Extract the lines from the first one in the records below through the line containing "#11=(NAMED_UNIT(*) PLANE_ANGLE_UNIT() SI_UNIT($,.RADIAN.));", keeping both ends and leaving out any pictures.

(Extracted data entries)
● ● ● ● ● ● ●

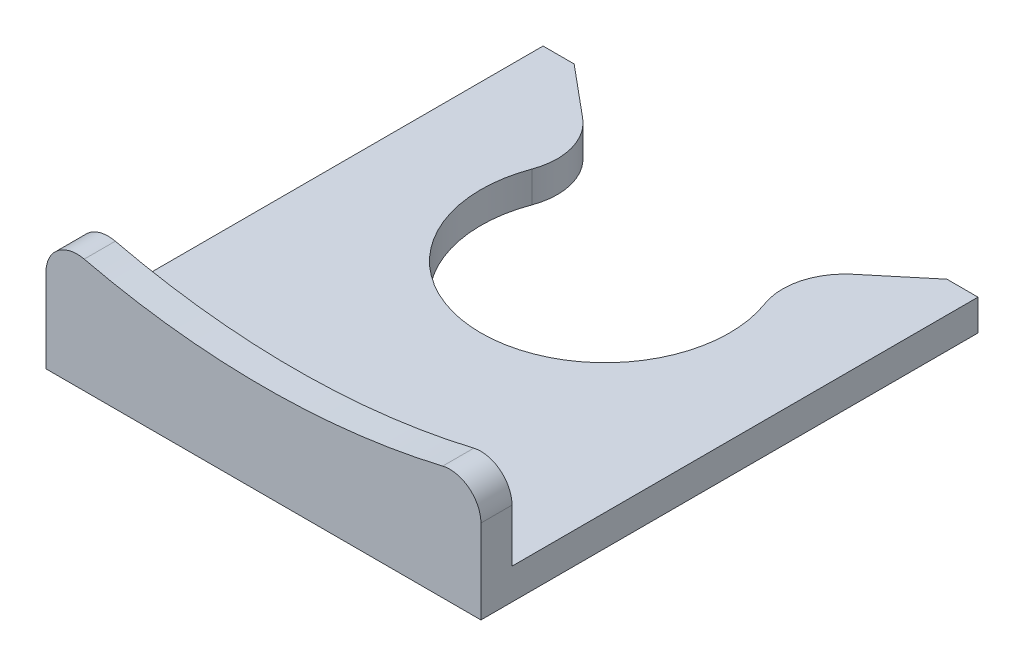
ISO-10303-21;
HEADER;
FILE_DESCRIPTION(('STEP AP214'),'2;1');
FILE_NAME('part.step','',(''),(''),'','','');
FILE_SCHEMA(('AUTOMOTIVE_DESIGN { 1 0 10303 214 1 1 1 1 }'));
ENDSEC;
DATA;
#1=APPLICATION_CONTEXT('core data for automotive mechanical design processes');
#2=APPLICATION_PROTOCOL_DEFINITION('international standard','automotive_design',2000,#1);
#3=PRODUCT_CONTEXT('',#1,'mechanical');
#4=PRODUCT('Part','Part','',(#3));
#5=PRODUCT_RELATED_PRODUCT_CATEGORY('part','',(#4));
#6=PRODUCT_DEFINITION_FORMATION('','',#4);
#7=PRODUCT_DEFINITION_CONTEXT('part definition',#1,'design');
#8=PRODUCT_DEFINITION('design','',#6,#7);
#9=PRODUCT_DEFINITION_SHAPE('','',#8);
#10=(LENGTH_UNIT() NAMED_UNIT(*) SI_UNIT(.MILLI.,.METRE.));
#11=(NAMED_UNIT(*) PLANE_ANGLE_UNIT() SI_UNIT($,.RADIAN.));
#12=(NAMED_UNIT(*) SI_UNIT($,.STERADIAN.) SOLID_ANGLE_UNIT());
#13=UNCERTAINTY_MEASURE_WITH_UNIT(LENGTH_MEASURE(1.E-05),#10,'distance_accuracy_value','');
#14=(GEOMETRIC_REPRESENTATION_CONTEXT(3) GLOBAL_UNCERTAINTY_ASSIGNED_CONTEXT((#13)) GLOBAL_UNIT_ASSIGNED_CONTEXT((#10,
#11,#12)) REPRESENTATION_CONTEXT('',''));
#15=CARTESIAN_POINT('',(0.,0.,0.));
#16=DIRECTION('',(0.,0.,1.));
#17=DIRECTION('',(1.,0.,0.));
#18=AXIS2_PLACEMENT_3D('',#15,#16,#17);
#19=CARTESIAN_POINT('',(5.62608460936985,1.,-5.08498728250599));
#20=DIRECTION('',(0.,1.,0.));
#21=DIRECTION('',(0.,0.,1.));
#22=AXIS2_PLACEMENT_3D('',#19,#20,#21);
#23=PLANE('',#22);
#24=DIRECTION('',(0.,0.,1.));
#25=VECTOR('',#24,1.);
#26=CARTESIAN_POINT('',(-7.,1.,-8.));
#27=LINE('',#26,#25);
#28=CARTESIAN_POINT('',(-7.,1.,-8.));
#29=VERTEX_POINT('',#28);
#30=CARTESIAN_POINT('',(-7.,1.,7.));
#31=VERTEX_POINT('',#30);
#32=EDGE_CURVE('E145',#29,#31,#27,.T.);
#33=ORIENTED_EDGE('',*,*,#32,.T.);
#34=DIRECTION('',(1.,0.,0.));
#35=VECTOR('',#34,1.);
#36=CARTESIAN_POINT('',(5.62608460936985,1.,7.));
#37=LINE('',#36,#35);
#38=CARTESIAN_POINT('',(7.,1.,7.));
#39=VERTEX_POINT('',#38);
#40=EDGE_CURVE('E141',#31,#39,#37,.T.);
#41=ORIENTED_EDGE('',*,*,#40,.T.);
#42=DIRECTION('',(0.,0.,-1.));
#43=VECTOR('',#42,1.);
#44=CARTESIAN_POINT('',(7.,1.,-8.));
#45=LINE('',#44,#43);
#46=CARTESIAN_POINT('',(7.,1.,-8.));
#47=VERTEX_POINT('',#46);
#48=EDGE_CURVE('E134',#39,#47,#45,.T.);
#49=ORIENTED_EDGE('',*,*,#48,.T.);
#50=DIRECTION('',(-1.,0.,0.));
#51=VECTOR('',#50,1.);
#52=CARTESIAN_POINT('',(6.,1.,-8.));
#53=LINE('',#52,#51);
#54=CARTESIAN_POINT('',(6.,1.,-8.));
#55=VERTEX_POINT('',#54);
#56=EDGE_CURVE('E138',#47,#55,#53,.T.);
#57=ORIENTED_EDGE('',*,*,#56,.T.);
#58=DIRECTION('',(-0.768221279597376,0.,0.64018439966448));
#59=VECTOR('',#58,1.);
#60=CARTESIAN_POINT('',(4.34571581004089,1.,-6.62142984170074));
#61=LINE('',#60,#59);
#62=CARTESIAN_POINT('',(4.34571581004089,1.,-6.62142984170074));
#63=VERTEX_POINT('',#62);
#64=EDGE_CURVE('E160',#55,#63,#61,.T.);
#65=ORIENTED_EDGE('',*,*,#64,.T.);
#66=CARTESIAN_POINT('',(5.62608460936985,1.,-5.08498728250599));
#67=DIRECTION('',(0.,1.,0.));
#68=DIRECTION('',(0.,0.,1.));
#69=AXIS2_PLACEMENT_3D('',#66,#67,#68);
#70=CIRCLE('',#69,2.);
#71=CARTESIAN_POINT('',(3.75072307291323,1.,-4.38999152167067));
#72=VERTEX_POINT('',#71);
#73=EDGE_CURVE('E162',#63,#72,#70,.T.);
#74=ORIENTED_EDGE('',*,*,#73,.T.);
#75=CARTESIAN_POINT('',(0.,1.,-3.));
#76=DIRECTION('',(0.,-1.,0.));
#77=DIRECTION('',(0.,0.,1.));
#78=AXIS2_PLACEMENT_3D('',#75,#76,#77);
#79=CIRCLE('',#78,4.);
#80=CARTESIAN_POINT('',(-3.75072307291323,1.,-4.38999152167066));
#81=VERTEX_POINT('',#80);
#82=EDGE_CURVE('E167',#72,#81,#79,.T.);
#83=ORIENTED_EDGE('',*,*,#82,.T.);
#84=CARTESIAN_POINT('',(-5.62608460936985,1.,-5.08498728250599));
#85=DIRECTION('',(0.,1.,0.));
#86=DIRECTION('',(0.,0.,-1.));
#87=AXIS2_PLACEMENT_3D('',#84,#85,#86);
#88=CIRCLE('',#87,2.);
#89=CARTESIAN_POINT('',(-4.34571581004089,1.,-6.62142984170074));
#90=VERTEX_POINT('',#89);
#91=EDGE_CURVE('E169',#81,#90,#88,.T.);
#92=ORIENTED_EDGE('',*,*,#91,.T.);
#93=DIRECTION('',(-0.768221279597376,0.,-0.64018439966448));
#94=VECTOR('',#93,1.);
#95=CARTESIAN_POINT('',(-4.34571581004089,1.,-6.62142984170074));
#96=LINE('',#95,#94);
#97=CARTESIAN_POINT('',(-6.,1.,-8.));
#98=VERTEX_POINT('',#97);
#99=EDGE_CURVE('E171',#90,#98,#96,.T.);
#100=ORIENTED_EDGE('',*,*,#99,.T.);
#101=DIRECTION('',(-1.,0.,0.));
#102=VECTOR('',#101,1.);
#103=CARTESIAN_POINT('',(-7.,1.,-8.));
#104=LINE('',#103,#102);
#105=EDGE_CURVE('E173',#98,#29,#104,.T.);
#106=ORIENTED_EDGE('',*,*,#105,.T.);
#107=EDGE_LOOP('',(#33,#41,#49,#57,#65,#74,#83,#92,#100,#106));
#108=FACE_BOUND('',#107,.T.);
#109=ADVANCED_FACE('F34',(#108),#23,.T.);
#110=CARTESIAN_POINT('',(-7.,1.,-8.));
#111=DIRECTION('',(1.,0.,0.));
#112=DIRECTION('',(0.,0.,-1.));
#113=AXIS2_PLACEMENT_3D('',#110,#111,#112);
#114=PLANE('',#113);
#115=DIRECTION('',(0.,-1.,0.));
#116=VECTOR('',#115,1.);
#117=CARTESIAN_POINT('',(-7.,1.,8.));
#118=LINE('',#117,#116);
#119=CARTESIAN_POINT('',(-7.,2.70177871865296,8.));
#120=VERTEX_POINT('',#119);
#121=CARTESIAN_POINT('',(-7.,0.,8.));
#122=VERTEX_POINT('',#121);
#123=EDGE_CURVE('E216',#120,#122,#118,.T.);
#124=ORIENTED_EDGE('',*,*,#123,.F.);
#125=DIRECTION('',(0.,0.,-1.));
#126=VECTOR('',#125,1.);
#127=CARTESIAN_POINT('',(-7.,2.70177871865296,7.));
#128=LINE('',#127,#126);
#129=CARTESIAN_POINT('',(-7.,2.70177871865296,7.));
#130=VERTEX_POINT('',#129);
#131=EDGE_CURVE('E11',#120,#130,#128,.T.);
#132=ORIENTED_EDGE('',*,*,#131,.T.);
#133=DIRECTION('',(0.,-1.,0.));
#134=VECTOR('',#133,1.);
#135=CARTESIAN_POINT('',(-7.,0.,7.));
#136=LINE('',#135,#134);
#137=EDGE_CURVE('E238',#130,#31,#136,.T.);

● ● ● ● ● ● ●

FINAL ANSWER ->
ISO-10303-21;
HEADER;
FILE_DESCRIPTION(('STEP AP214'),'2;1');
FILE_NAME('part.step','',(''),(''),'','','');
FILE_SCHEMA(('AUTOMOTIVE_DESIGN { 1 0 10303 214 1 1 1 1 }'));
ENDSEC;
DATA;
#1=APPLICATION_CONTEXT('core data for automotive mechanical design processes');
#2=APPLICATION_PROTOCOL_DEFINITION('international standard','automotive_design',2000,#1);
#3=PRODUCT_CONTEXT('',#1,'mechanical');
#4=PRODUCT('Part','Part','',(#3));
#5=PRODUCT_RELATED_PRODUCT_CATEGORY('part','',(#4));
#6=PRODUCT_DEFINITION_FORMATION('','',#4);
#7=PRODUCT_DEFINITION_CONTEXT('part definition',#1,'design');
#8=PRODUCT_DEFINITION('design','',#6,#7);
#9=PRODUCT_DEFINITION_SHAPE('','',#8);
#10=(LENGTH_UNIT() NAMED_UNIT(*) SI_UNIT(.MILLI.,.METRE.));
#11=(NAMED_UNIT(*) PLANE_ANGLE_UNIT() SI_UNIT($,.RADIAN.));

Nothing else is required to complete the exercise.